COX-2 downregulation via G-quadruplex structure induction in the PTGS2-promoter region by mononuclear octahedral cobalt(III) Schiff base complex [CoL] in colorectal cancer cells.

G-quadruplex structures within the promoter regions of some oncogenes diminish transcriptional activity. The suppression and downregulation of Cyclooxygenase-2 (COX-2), which is encoded by the prostaglandin-endoperoxide synthase 2 (PTGS2) gene, could control the size of colorectal cancer tumors. This study aimed to investigate the impact of a mononuclear octahedral cobalt(III) Schiff base complex [CoL] (L = 2-((allylimino)methyl)-6-methoxyphenol) on the G-quadruplex structures in the PTGS2 promoter region and to assess its downregulation effects in the human colorectal cancer cell line HT-29. At first, molecular docking was used to evaluate the binding of [CoL] to the PTGS2 promoter region. Then, the potential and stabilization of G-quadruplex formation in the PTGS2 promoter motifs were investigated using circular dichroism (CD) spectroscopy, polyacrylamide gel electrophoresis, and polymerase chain reaction (PCR) stop assays. COX-2 expression was also assessed by real-time PCR and western blot. Molecular docking analysis indicates that [CoL] has a potent interaction with the PTGS2 promoter region. Additionally, [CoL] has an intense inhibitory effect on the PTGS2-PCR stop assay. The CD measurements confirmed the conformational property of G-quadruplex DNA structures induced by [CoL]. Treatment of colorectal cancer cells with the [CoL] resulted in a modest increase in PTGS2 expression by a mean factor of 1.69 (p < 0.05).
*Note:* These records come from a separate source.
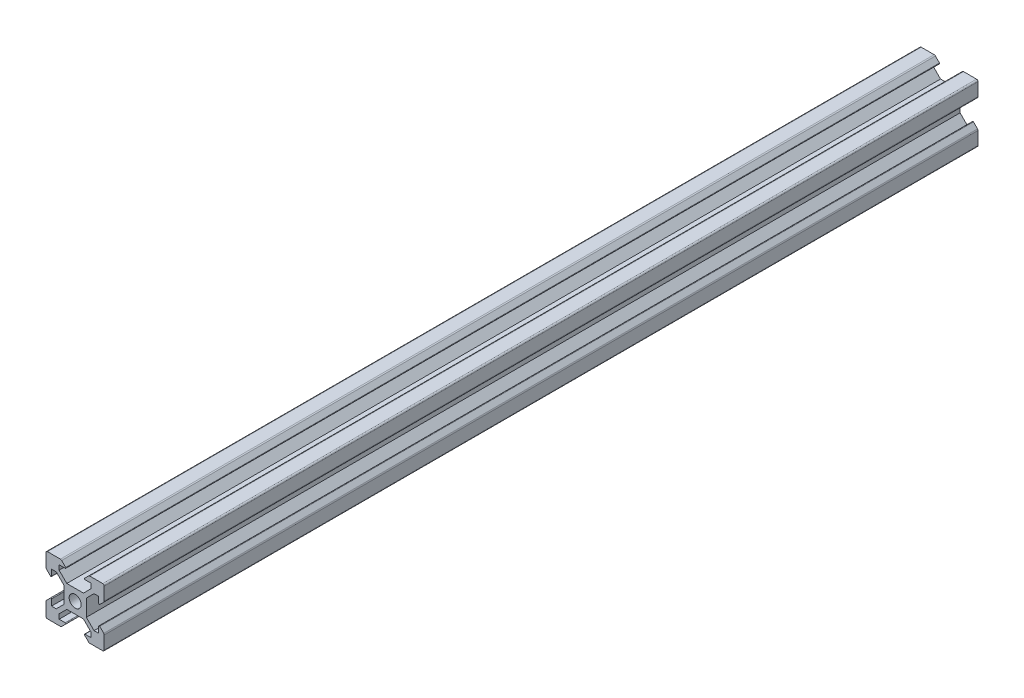
SolidWorks part; units mm, degrees
material "6063-T5"
ref_plane "Front Plane" through (0, 0, 0) normal (1, 0, 0) x (0, 1, 0)
ref_plane "Top Plane" through (0, 0, 0) normal (0, 0, 1) x (0, 1, 0)
ref_plane "Right Plane" through (0, 0, 0) normal (0, 1, 0) x (-1, 0, 0)
sketch "Sketch1" plane through (0, 0, 0) normal (0, 0, 1) x (0, 1, 0)
  line L0 (0, 0) -> (-10, 10) construction
  line L5 (-2.8601, -3.85) -> (2.8601, -3.85)
  line L6 (-3.85, -2.8601) -> (-3.85, 2.8601)
  line L11 (-2.8601, 3.85) -> (2.8601, 3.85)
  line L12 (3.85, -2.8601) -> (3.85, 2.8601)
  line L15 (-9.5, 10) -> (-5.0485, 10)
  line L16 (-4.6243, 9.8243) -> (-3.2414, 8.4414)
  line L17 (-3.3828, 8.1) -> (-5.5, 8.1)
  line L18 (-5.5, 8.1) -> (-5.5, 6.4899)
  line L19 (-5.5, 6.4899) -> (-2.8601, 3.85)
  line L20 (-6.4899, 5.5) -> (-3.85, 2.8601)
  line L21 (-10, 9.5) -> (-10, 5.0485)
  line L22 (-8.1, 5.5) -> (-6.4899, 5.5)
  line L23 (-8.1, 3.3828) -> (-8.1, 5.5)
  line L24 (-9.8243, 4.6243) -> (-8.4414, 3.2414)
  line L25 (10, 9.5) -> (10, 5.0485)
  line L26 (9.8243, 4.6243) -> (8.4414, 3.2414)
  line L27 (8.1, 3.3828) -> (8.1, 5.5)
  line L28 (8.1, 5.5) -> (6.4899, 5.5)
  line L29 (6.4899, 5.5) -> (3.85, 2.8601)
  line L30 (5.5, 6.4899) -> (2.8601, 3.85)
  line L31 (9.5, 10) -> (5.0485, 10)
  line L32 (5.5, 8.1) -> (5.5, 6.4899)
  line L33 (3.3828, 8.1) -> (5.5, 8.1)
  line L34 (4.6243, 9.8243) -> (3.2414, 8.4414)
  line L35 (9.5, -10) -> (5.0485, -10)
  line L36 (4.6243, -9.8243) -> (3.2414, -8.4414)
  line L37 (3.3828, -8.1) -> (5.5, -8.1)
  line L38 (5.5, -8.1) -> (5.5, -6.4899)
  line L39 (5.5, -6.4899) -> (2.8601, -3.85)
  line L40 (6.4899, -5.5) -> (3.85, -2.8601)
  line L41 (10, -9.5) -> (10, -5.0485)
  line L42 (8.1, -5.5) -> (6.4899, -5.5)
  line L43 (8.1, -3.3828) -> (8.1, -5.5)
  line L44 (9.8243, -4.6243) -> (8.4414, -3.2414)
  line L45 (-10, -9.5) -> (-10, -5.0485)
  line L46 (-9.8243, -4.6243) -> (-8.4414, -3.2414)
  line L47 (-8.1, -3.3828) -> (-8.1, -5.5)
  line L48 (-8.1, -5.5) -> (-6.4899, -5.5)
  line L49 (-6.4899, -5.5) -> (-3.85, -2.8601)
  line L50 (-5.5, -6.4899) -> (-2.8601, -3.85)
  line L51 (-9.5, -10) -> (-5.0485, -10)
  line L52 (-5.5, -8.1) -> (-5.5, -6.4899)
  line L53 (-3.3828, -8.1) -> (-5.5, -8.1)
  line L54 (-4.6243, -9.8243) -> (-3.2414, -8.4414)
  circle A1 centre (0, 0) radius 2.05
  arc A2 (-10, -9.5) -> (-9.5, -10) centre (-9.5, -9.5) ccw
  arc A3 (9.5, -10) -> (10, -9.5) centre (9.5, -9.5) ccw
  arc A4 (10, 9.5) -> (9.5, 10) centre (9.5, 9.5) ccw
  arc A5 (-10, 9.5) -> (-9.5, 10) centre (-9.5, 9.5) cw
  arc A6 (-3.2414, 8.4414) -> (-3.3828, 8.1) centre (-3.3828, 8.3) cw
  arc A7 (3.3828, 8.1) -> (3.2414, 8.4414) centre (3.3828, 8.3) cw
  arc A8 (8.4414, 3.2414) -> (8.1, 3.3828) centre (8.3, 3.3828) cw
  arc A9 (8.1, -3.3828) -> (8.4414, -3.2414) centre (8.3, -3.3828) cw
  arc A10 (3.2414, -8.4414) -> (3.3828, -8.1) centre (3.3828, -8.3) cw
  arc A11 (-3.3828, -8.1) -> (-3.2414, -8.4414) centre (-3.3828, -8.3) cw
  arc A12 (-8.4414, -3.2414) -> (-8.1, -3.3828) centre (-8.3, -3.3828) cw
  arc A13 (-8.1, 3.3828) -> (-8.4414, 3.2414) centre (-8.3, 3.3828) cw
  arc A14 (5.0485, 10) -> (4.6243, 9.8243) centre (5.0485, 9.4) ccw
  arc A15 (10, 5.0485) -> (9.8243, 4.6243) centre (9.4, 5.0485) cw
  arc A16 (10, -5.0485) -> (9.8243, -4.6243) centre (9.4, -5.0485) ccw
  arc A17 (5.0485, -10) -> (4.6243, -9.8243) centre (5.0485, -9.4) cw
  arc A18 (-5.0485, -10) -> (-4.6243, -9.8243) centre (-5.0485, -9.4) ccw
  arc A19 (-10, -5.0485) -> (-9.8243, -4.6243) centre (-9.4, -5.0485) cw
  arc A20 (-5.0485, 10) -> (-4.6243, 9.8243) centre (-5.0485, 9.4) cw
  arc A21 (-10, 5.0485) -> (-9.8243, 4.6243) centre (-9.4, 5.0485) ccw
  point P0 (0, 0)
  point P56 (0, 0)
  point P64 (-2.9, 8.1)
  point P79 (-8.1, 2.9)
  point P94 (-4.8, 10)
  point P97 (-10, 4.8)
  dimension "D3" = 7.7
  dimension "D2" = 4.1
  dimension "D9" = 0.5
  dimension "D10" = 0.2
  dimension "D11" = 0.6
  dimension "D1" = 10
  dimension "D4" = 7.1
  dimension "D5" = 1.4
  dimension "D6" = 4.5
  dimension "D7" = 1.9
  dimension "D8" = 4
extrude "Boss-Extrude1" add sketch "Sketch1" along normal blind 300
ref_plane "Midplane" through (0, 0, 150) normal (0, 0, -1) x (0, 1, 0)

Conversely, the expression of COX-2 proteins was downregulated significantly, with a mean protein intensity of 0.47 (p < 0.001). Therefore, [CoL] induces G-quadruplex formation in the promoter region of PTGS2, which ultimately inhibits protein expression of COX-2. This means that [CoL] can be an effective agent for colorectal cancer treatment.